Opmerking: zie Aan de slag voor meer informatie over hoe u begint met het maken van visualisaties. Zie Velden in het deelvenster Data ordenen en aanpassen en Standaardinstellingen van velden bewerken voor meer informatie over de vele manieren waarop u de velden in het deelvenster Data kunt aanpassen.

Gebieden van het deelvenster Data

Nadat u verbinding hebt gemaakt met uw data en de databron hebt ingesteld met Tableau, verschijnen de databronverbindingen en -velden aan de linkerkant van de werkmap in het deelvenster Data. Zie Verbinding maken met data en data voorbereiden voor meer informatie over het verbinden van data.

Huidige databronverbindingen worden weergegeven bovenin het deelvenster Data. Als u meer dan één verbinding beschikbaar hebt, klikt u op een verbinding om deze te selecteren en met die data te gaan werken.

U maakt visualisaties door velden uit het deelvenster Data aan de weergave toe te voegen. Zie Een visualisatie maken door velden naar de weergave te slepen voor details.

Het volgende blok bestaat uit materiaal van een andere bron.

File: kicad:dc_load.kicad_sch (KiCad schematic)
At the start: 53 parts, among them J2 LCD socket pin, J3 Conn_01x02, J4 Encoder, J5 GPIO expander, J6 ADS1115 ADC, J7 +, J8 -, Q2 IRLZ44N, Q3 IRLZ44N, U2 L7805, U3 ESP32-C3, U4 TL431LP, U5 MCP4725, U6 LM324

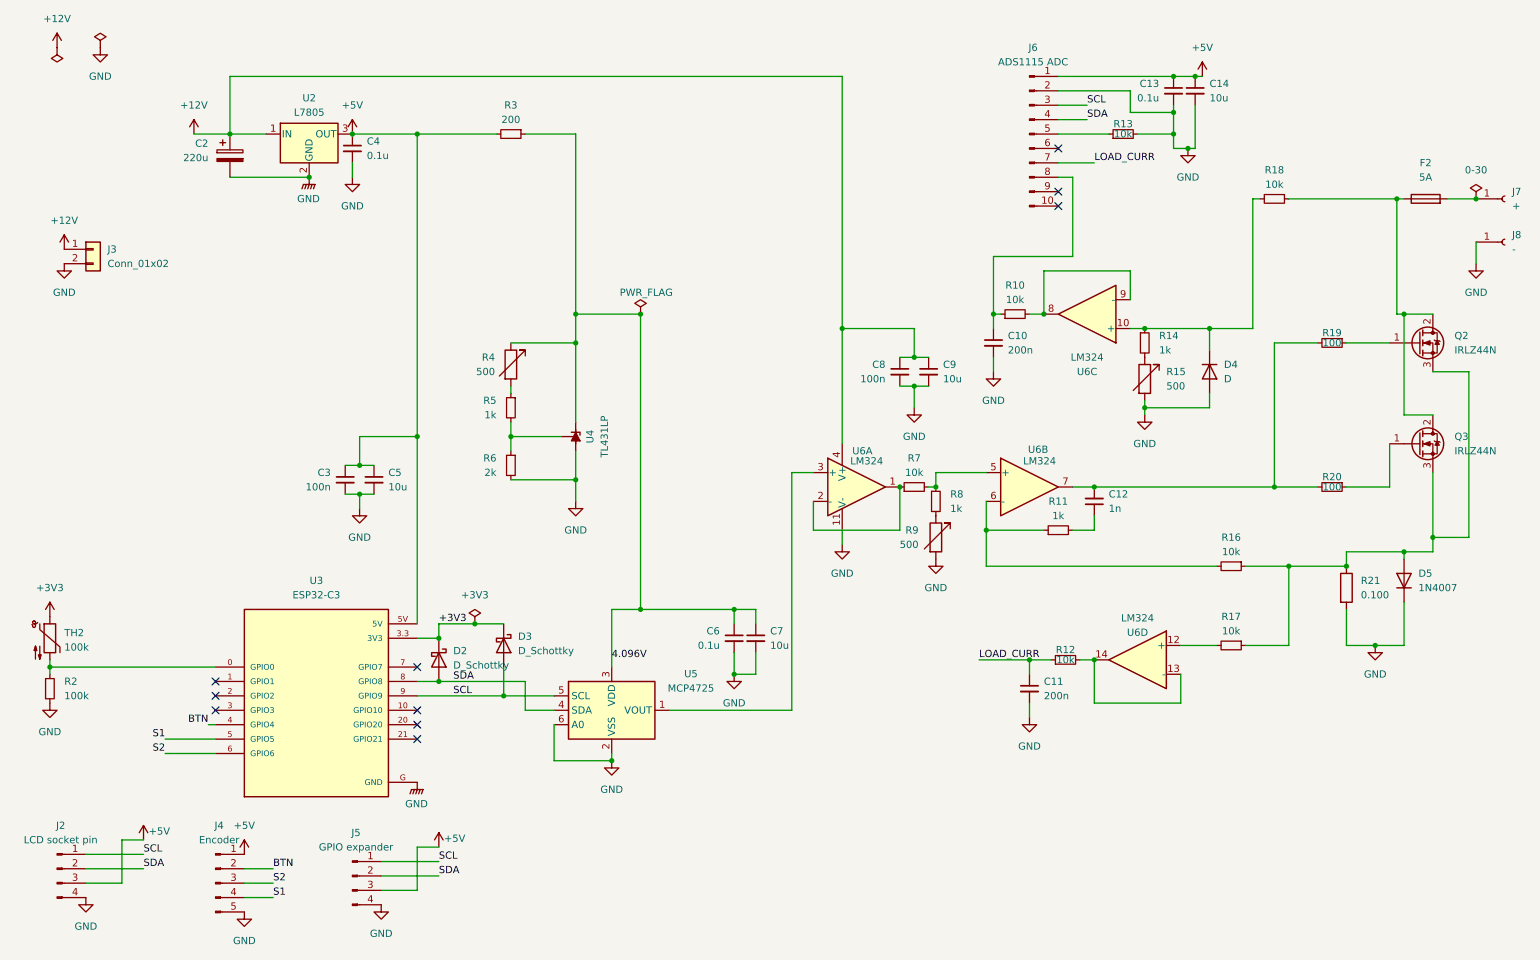
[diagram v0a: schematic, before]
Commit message: Resized PCB and added some caps
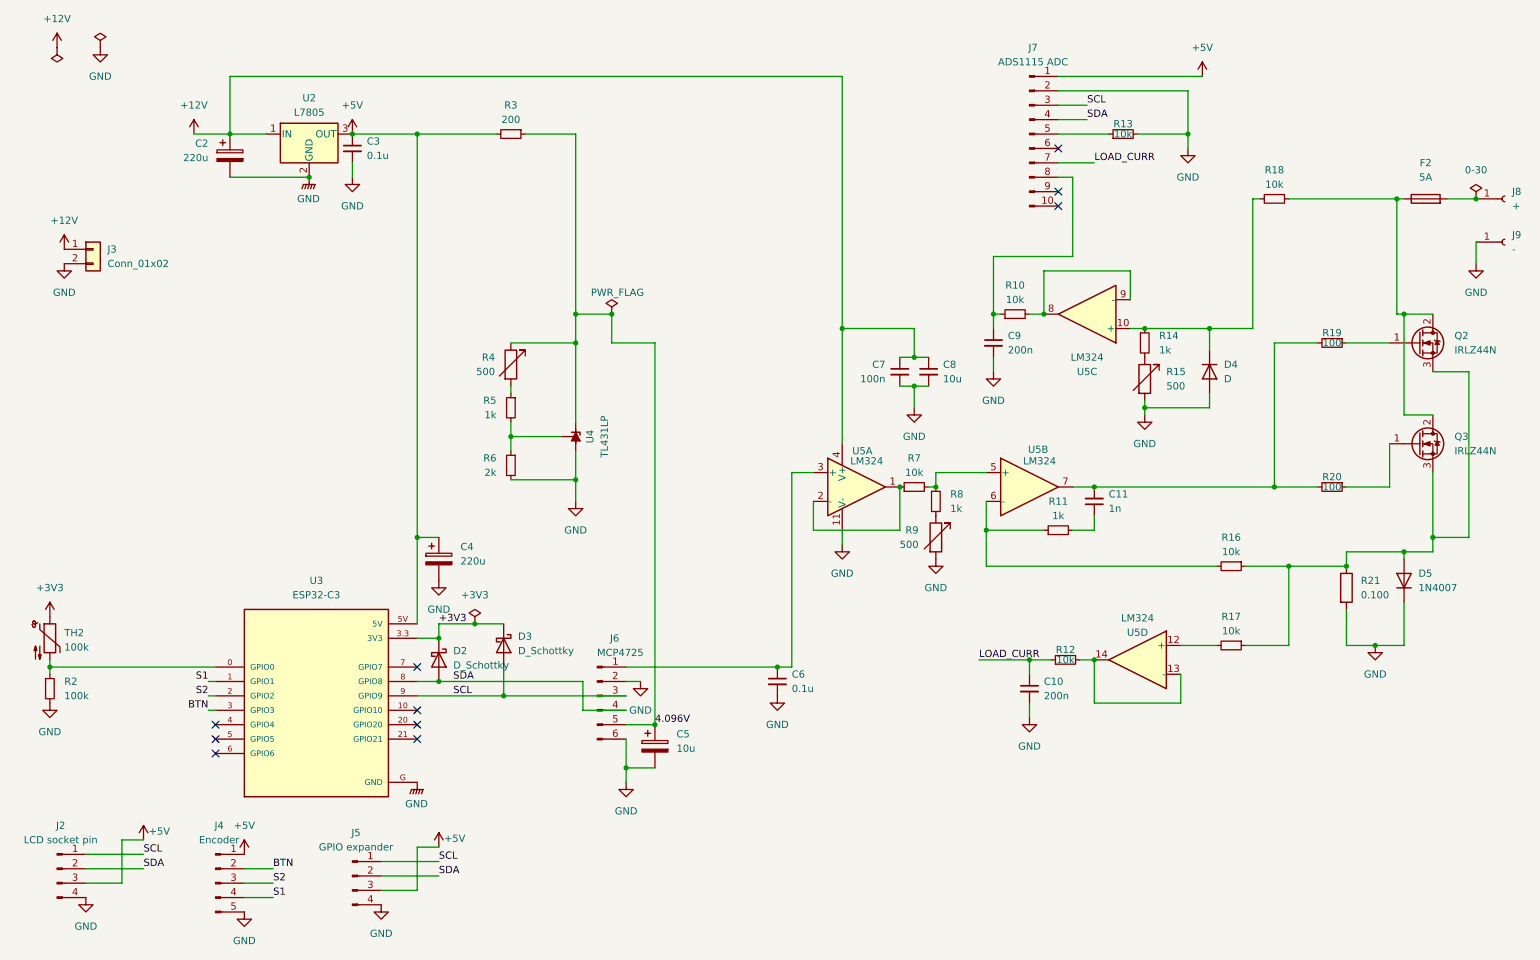
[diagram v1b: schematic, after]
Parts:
- removed C13: 0.1u, Capacitor_THT:C_Disc_D3.0mm_W2.0mm_P2.50mm, symbol Device:C_Small
- removed C14, C5, C7: 10u, Capacitor_THT:CP_Radial_D5.0mm_P2.50mm, symbol Device:C_Small
- removed C3: 100n, Capacitor_THT:C_Disc_D3.0mm_W2.0mm_P2.50mm, symbol Device:C_Small
- removed U5: MCP4725, Package_TO_SOT_SMD:SOT-23-6, symbol Analog_DAC:MCP4725xxx-xCH
- added C4: 220u, symbol Device:C_Polarized
- added C5: 10u, Capacitor_THT:CP_Radial_D5.0mm_P2.50mm, symbol Device:C_Polarized
- added J6: MCP4725, Connector_PinHeader_2.54mm:PinHeader_1x06_P2.54mm_Vertical, symbol Connector:Conn_01x06_Pin
- renumbered C11 to C10, C12 to C11, C4 to C3, C8 to C7, C9 to C8, C10 to C9, J6 to J7, J7 to J8, J8 to J9, U6 to U5
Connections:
- net +5V: now also C4.1
- net 4.096V: now also C5.1, J6.5 (Pin_5); no longer C6.1
- net BTN: now also U3.3 (GPIO3); no longer U3.4 (GPIO4)
- net GND: now also C4.2, C5.2, J6.2 (Pin_2), J6.6 (Pin_6)
- net S1: now also U3.1 (GPIO1); no longer U3.5 (GPIO5)
- net S2: now also U3.2 (GPIO2); no longer U3.6 (GPIO6)
- net SCL: now also J6.3 (Pin_3)
- net SDA: now also J6.4 (Pin_4)
- net at U5.3 (+): now also C6.1, J6.1 (Pin_1)

Velden kunnen worden georganiseerd per tabel (Groeperen op databrontabel) of map (Groeperen op map). Voor elke tabel of map worden de dimensies boven de grijze lijn weergegeven en de meetwaarden onder de grijze lijn. In sommige gevallen kan een tabel of map alleen dimensies bevatten, of om te beginnen alleen meetwaarden.

  • Berekende velden worden weergegeven met hun oorspronkelijke veld, als al hun invoervelden uit dezelfde tabel komen.
  • Sets worden vermeld bij de tabel met hun oorspronkelijke veld.
  • Parameters zijn globaal voor de werkmap en worden weergegeven in het gebied Parameters.
  • Velden die niet bij een specifieke tabel horen, worden weergegeven in het algemene gebied onder de tabellen. Deze omvatten: geaggregeerde berekeningen, berekeningen waarbij velden uit meerdere tabellen worden gebruikt, namen van meetwaarden en waarden van meetwaarden.
  • In versie 2024.2 en hoger: veldnamen worden weergegeven in lichtgrijze tekst in het deelvenster Data als ze niet gerelateerd zijn aan velden die in de weergave worden gebruikt. U kunt deze velden nog steeds gebruiken voor visuele analyse, maar niet-gerelateerde velden worden in de analyse anders geëvalueerd dan velden die wel gerelateerd zijn. Dit gedrag wordt mogelijk vertoond als u een databron gebruikt met relaties op basis van meerdere feitentabellen(Link wordt in een nieuw venster geopend).

Hieronder zijn de databronverbindingen in het deelvenster Data de velden die beschikbaar zijn in de momenteel geselecteerde databron. U kunt schakelen tussen de vensters Data en Analyse in een werkblad. Zie Geavanceerde analyse toepassen op een weergave (deelvenster Analyse) voor meer informatie over het deelvenster Analyse.

Velden uit een databron met één tabel in het deelvenster Data

Het deelvenster Data bevat:

  • Dimensievelden: velden die kwalitatieve waarden bevatten (zoals namen, datums of geografische data). U kunt dimensies gebruiken om de details van uw data te categoriseren, segmenteren en zichtbaar te maken. Dimensies verlagen het detailniveau in de weergave. Voorbeelden van dimensies zijn datums, klantnamen en klantsegmenten.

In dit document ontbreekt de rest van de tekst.